⟨

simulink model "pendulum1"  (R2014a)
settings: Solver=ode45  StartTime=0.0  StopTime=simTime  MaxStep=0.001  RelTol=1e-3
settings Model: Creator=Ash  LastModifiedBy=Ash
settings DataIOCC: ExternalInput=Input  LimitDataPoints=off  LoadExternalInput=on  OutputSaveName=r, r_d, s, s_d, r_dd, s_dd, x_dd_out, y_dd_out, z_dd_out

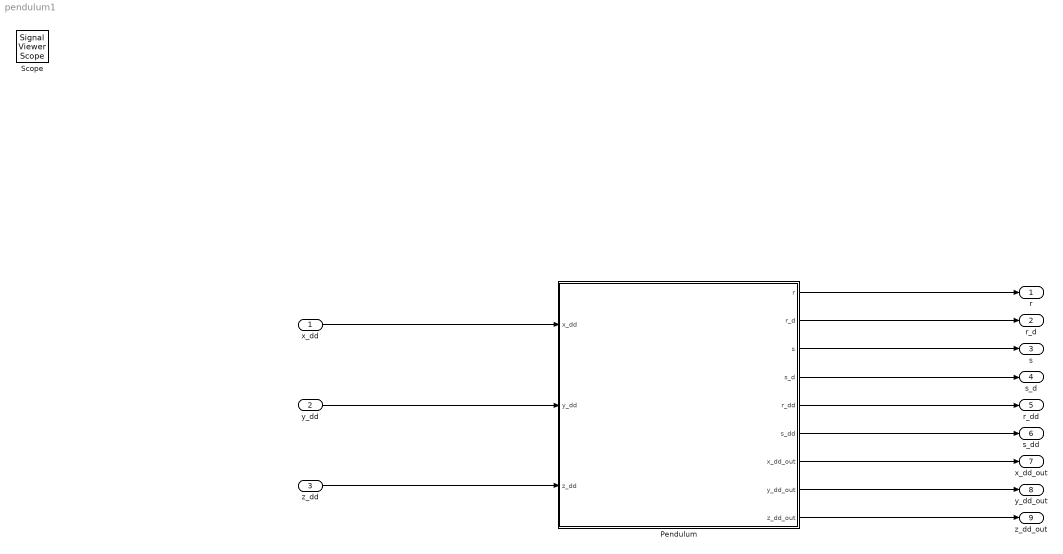
== system pendulum1 ==
  x_dd : Inport
  y_dd : Inport  Port=2
  z_dd : Inport  Port=3
  Pendulum : Subsystem
  r : Outport
  r_d : Outport  Port=2
  s : Outport  Port=3
  s_d : Outport  Port=4
  r_dd : Outport  Port=5
  s_dd : Outport  Port=6
  x_dd_out : Outport  Port=7
  y_dd_out : Outport  Port=8
  z_dd_out : Outport  Port=9
  Scope : SignalViewerScope  IOType=viewer  LegendLocations="0.96635     0.93568    0.028125    0.041641"  RefreshTime=0.035000
      settings: ShowLegends=on
  wires:
  x_dd/1 -> Pendulum/1(x_dd)
  y_dd/1 -> Pendulum/2(y_dd)
  z_dd/1 -> Pendulum/3(z_dd)
  Pendulum/1(r) -> r/1
  Pendulum/2(r_d) -> r_d/1
  Pendulum/4(s_d) -> s_d/1
  Pendulum/3(s) -> s/1
  Pendulum/5(r_dd) -> r_dd/1
  Pendulum/6(s_dd) -> s_dd/1
  Pendulum/7(x_dd_out) -> x_dd_out/1
  Pendulum/8(y_dd_out) -> y_dd_out/1
  Pendulum/9(z_dd_out) -> z_dd_out/1

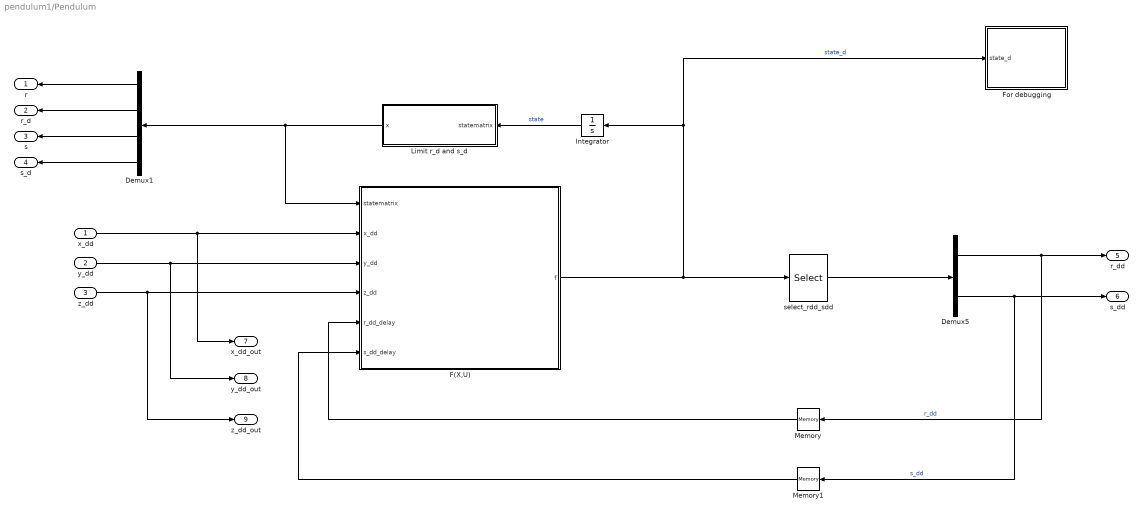
== system pendulum1/Pendulum ==
  x_dd : Inport
  y_dd : Inport  Port=2
  z_dd : Inport  Port=3
  Demux1 : Demux  Outputs=[1 1 1 1]
  Demux5 : Demux  Outputs=[1 1]
  F(X,U) : MATLAB Function  TreatAsAtomicUnit=on
  For debugging : Subsystem
  Integrator : Integrator
  Limit r_d and s_d : MATLAB Function  TreatAsAtomicUnit=on
  Memory : Memory
  Memory1 : Memory
  select_rdd_sdd : Selector  InputPortWidth=4  Indices=[2 4]
  r : Outport
  r_d : Outport  Port=2
  s : Outport  Port=3
  s_d : Outport  Port=4
  r_dd : Outport  Port=5
  s_dd : Outport  Port=6
  x_dd_out : Outport  Port=7
  y_dd_out : Outport  Port=8
  z_dd_out : Outport  Port=9
  wires:
  Memory1/1 -> F(X,U)/6(s_dd_delay)
  Demux5/1 -> r_dd/1, Memory/1  "r_dd"
  Memory/1 -> F(X,U)/5(r_dd_delay)
  select_rdd_sdd/1 -> Demux5/1
  Demux5/2 -> s_dd/1, Memory1/1  "s_dd"
  z_dd/1 -> F(X,U)/4(z_dd), z_dd_out/1
  y_dd/1 -> F(X,U)/3(y_dd), y_dd_out/1
  Demux1/1 -> r/1
  Demux1/2 -> r_d/1
  Demux1/4 -> s_d/1
  Demux1/3 -> s/1
  F(X,U)/1(f) -> For debugging/1(state_d), Integrator/1, select_rdd_sdd/1  "state_d"
  x_dd/1 -> F(X,U)/2(x_dd), x_dd_out/1
  Limit r_d and s_d/1(x) -> F(X,U)/1(statematrix), Demux1/1
  Integrator/1 -> Limit r_d and s_d/1(statematrix)  "state"

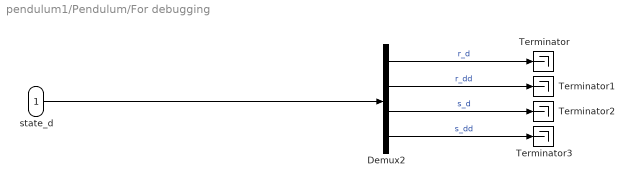
== system pendulum1/Pendulum/For debugging ==
  state_d : Inport
  Demux2 : Demux  Outputs=[1 1 1 1]
  Terminator{,1..3} (4 alike) : Terminator
  wires:
  Demux2/4 -> Terminator3/1  "s_dd"
  Demux2/3 -> Terminator2/1  "s_d"
  Demux2/2 -> Terminator1/1  "r_dd"
  Demux2/1 -> Terminator/1  "r_d"
  state_d/1 -> Demux2/1

== matlab function pendulum1/Pendulum/Limit r_d and s_d ==
  data: statematrix input; x output
function x = fcn(statematrix)

L = 0.4;

r = statematrix(1);
r_d = statematrix(2);
s = statematrix (3);
s_d = statematrix(4);

if ((r^2 + s^2) > (L^2))
    
    r_d = 0;
    s_d = 0;
    
end

x = [r; r_d; s; s_d];

== matlab function pendulum1/Pendulum/F(X,U) ==
  data: statematrix input; x_dd input; y_dd input; z_dd input; r_dd_delay input; s_dd_delay input; f output
function f = fcn(statematrix, x_dd, y_dd, z_dd, r_dd_delay, s_dd_delay)

g = -9.81;
L = 0.4;

r = statematrix(1);
r_d = statematrix(2);
s = statematrix(3);
s_d = statematrix(4);

if ((r^2 + s^2) <= (L^2))
    
    zeta = sqrt(L^2 - r^2 - s^2);
    r_dd = (1/((L^2 - s^2)*zeta)) * ( -r^4*x_dd - (L^2 - s^2)^2*x_dd - 2*r^2*(s*r_d*s_d + (-L^2 + s^2)*x_dd) + r^3*(s_d^2 + s*s_dd_delay - zeta*(g+z_dd)) + r*(-L^2*s*s_dd_delay + s^3*s_dd_delay + s^2*(r_d^2 - zeta*(g+z_dd)) + L^2*(-r_d^2 - s_d^2 + zeta*(g+z_dd))) );
    s_dd = (1/((L^2 - r^2)*zeta)) * ( -s^4*y_dd - (L^2 - r^2)^2*y_dd - 2*s^2*(r*r_d*s_d + (-L^2 + r^2)*y_dd) + s^3*(r_d^2 + r*r_dd_delay - zeta*(g+z_dd)) + s*(-L^2*r*r_dd_delay + r^3*r_dd_delay + r^2*(s_d^2 - zeta*(g+z_dd)) + L^2*(-r_d^2 - s_d^2 + zeta*(g+z_dd))) );

    
else
    
    r_d = 0;
    s_d = 0;
    r_dd = 0;
    s_dd = 0;
    
end


f = [r_d; r_dd; s_d; s_dd];

⟩

Task to complete:
The copy you return must match the records above exactly, minus any images.

Task result:
simulink model "pendulum1"  (R2014a)
settings: Solver=ode45  StartTime=0.0  StopTime=simTime  MaxStep=0.001  RelTol=1e-3
settings Model: Creator=Ash  LastModifiedBy=Ash
settings DataIOCC: ExternalInput=Input  LimitDataPoints=off  LoadExternalInput=on  OutputSaveName=r, r_d, s, s_d, r_dd, s_dd, x_dd_out, y_dd_out, z_dd_out

== system pendulum1 ==
  x_dd : Inport
  y_dd : Inport  Port=2
  z_dd : Inport  Port=3
  Pendulum : Subsystem
  r : Outport
  r_d : Outport  Port=2
  s : Outport  Port=3
  s_d : Outport  Port=4
  r_dd : Outport  Port=5
  s_dd : Outport  Port=6
  x_dd_out : Outport  Port=7
  y_dd_out : Outport  Port=8
  z_dd_out : Outport  Port=9
  Scope : SignalViewerScope  IOType=viewer  LegendLocations="0.96635     0.93568    0.028125    0.041641"  RefreshTime=0.035000
      settings: ShowLegends=on
  wires:
  x_dd/1 -> Pendulum/1(x_dd)
  y_dd/1 -> Pendulum/2(y_dd)
  z_dd/1 -> Pendulum/3(z_dd)
  Pendulum/1(r) -> r/1
  Pendulum/2(r_d) -> r_d/1
  Pendulum/4(s_d) -> s_d/1
  Pendulum/3(s) -> s/1
  Pendulum/5(r_dd) -> r_dd/1
  Pendulum/6(s_dd) -> s_dd/1
  Pendulum/7(x_dd_out) -> x_dd_out/1
  Pendulum/8(y_dd_out) -> y_dd_out/1
  Pendulum/9(z_dd_out) -> z_dd_out/1

== system pendulum1/Pendulum ==
  x_dd : Inport
  y_dd : Inport  Port=2
  z_dd : Inport  Port=3
  Demux1 : Demux  Outputs=[1 1 1 1]
  Demux5 : Demux  Outputs=[1 1]
  F(X,U) : MATLAB Function  TreatAsAtomicUnit=on
  For debugging : Subsystem
  Integrator : Integrator
  Limit r_d and s_d : MATLAB Function  TreatAsAtomicUnit=on
  Memory : Memory
  Memory1 : Memory
  select_rdd_sdd : Selector  InputPortWidth=4  Indices=[2 4]
  r : Outport
  r_d : Outport  Port=2
  s : Outport  Port=3
  s_d : Outport  Port=4
  r_dd : Outport  Port=5
  s_dd : Outport  Port=6
  x_dd_out : Outport  Port=7
  y_dd_out : Outport  Port=8
  z_dd_out : Outport  Port=9
  wires:
  Memory1/1 -> F(X,U)/6(s_dd_delay)
  Demux5/1 -> r_dd/1, Memory/1  "r_dd"
  Memory/1 -> F(X,U)/5(r_dd_delay)
  select_rdd_sdd/1 -> Demux5/1
  Demux5/2 -> s_dd/1, Memory1/1  "s_dd"
  z_dd/1 -> F(X,U)/4(z_dd), z_dd_out/1
  y_dd/1 -> F(X,U)/3(y_dd), y_dd_out/1
  Demux1/1 -> r/1
  Demux1/2 -> r_d/1
  Demux1/4 -> s_d/1
  Demux1/3 -> s/1
  F(X,U)/1(f) -> For debugging/1(state_d), Integrator/1, select_rdd_sdd/1  "state_d"
  x_dd/1 -> F(X,U)/2(x_dd), x_dd_out/1
  Limit r_d and s_d/1(x) -> F(X,U)/1(statematrix), Demux1/1
  Integrator/1 -> Limit r_d and s_d/1(statematrix)  "state"

== system pendulum1/Pendulum/For debugging ==
  state_d : Inport
  Demux2 : Demux  Outputs=[1 1 1 1]
  Terminator{,1..3} (4 alike) : Terminator
  wires:
  Demux2/4 -> Terminator3/1  "s_dd"
  Demux2/3 -> Terminator2/1  "s_d"
  Demux2/2 -> Terminator1/1  "r_dd"
  Demux2/1 -> Terminator/1  "r_d"
  state_d/1 -> Demux2/1

== matlab function pendulum1/Pendulum/Limit r_d and s_d ==
  data: statematrix input; x output
function x = fcn(statematrix)

L = 0.4;

r = statematrix(1);
r_d = statematrix(2);
s = statematrix (3);
s_d = statematrix(4);

if ((r^2 + s^2) > (L^2))
    
    r_d = 0;
    s_d = 0;
    
end

x = [r; r_d; s; s_d];

== matlab function pendulum1/Pendulum/F(X,U) ==
  data: statematrix input; x_dd input; y_dd input; z_dd input; r_dd_delay input; s_dd_delay input; f output
function f = fcn(statematrix, x_dd, y_dd, z_dd, r_dd_delay, s_dd_delay)

g = -9.81;
L = 0.4;

r = statematrix(1);
r_d = statematrix(2);
s = statematrix(3);
s_d = statematrix(4);

if ((r^2 + s^2) <= (L^2))
    
    zeta = sqrt(L^2 - r^2 - s^2);
    r_dd = (1/((L^2 - s^2)*zeta)) * ( -r^4*x_dd - (L^2 - s^2)^2*x_dd - 2*r^2*(s*r_d*s_d + (-L^2 + s^2)*x_dd) + r^3*(s_d^2 + s*s_dd_delay - zeta*(g+z_dd)) + r*(-L^2*s*s_dd_delay + s^3*s_dd_delay + s^2*(r_d^2 - zeta*(g+z_dd)) + L^2*(-r_d^2 - s_d^2 + zeta*(g+z_dd))) );
    s_dd = (1/((L^2 - r^2)*zeta)) * ( -s^4*y_dd - (L^2 - r^2)^2*y_dd - 2*s^2*(r*r_d*s_d + (-L^2 + r^2)*y_dd) + s^3*(r_d^2 + r*r_dd_delay - zeta*(g+z_dd)) + s*(-L^2*r*r_dd_delay + r^3*r_dd_delay + r^2*(s_d^2 - zeta*(g+z_dd)) + L^2*(-r_d^2 - s_d^2 + zeta*(g+z_dd))) );

    
else
    
    r_d = 0;
    s_d = 0;
    r_dd = 0;
    s_dd = 0;
    
end


f = [r_d; r_dd; s_d; s_dd];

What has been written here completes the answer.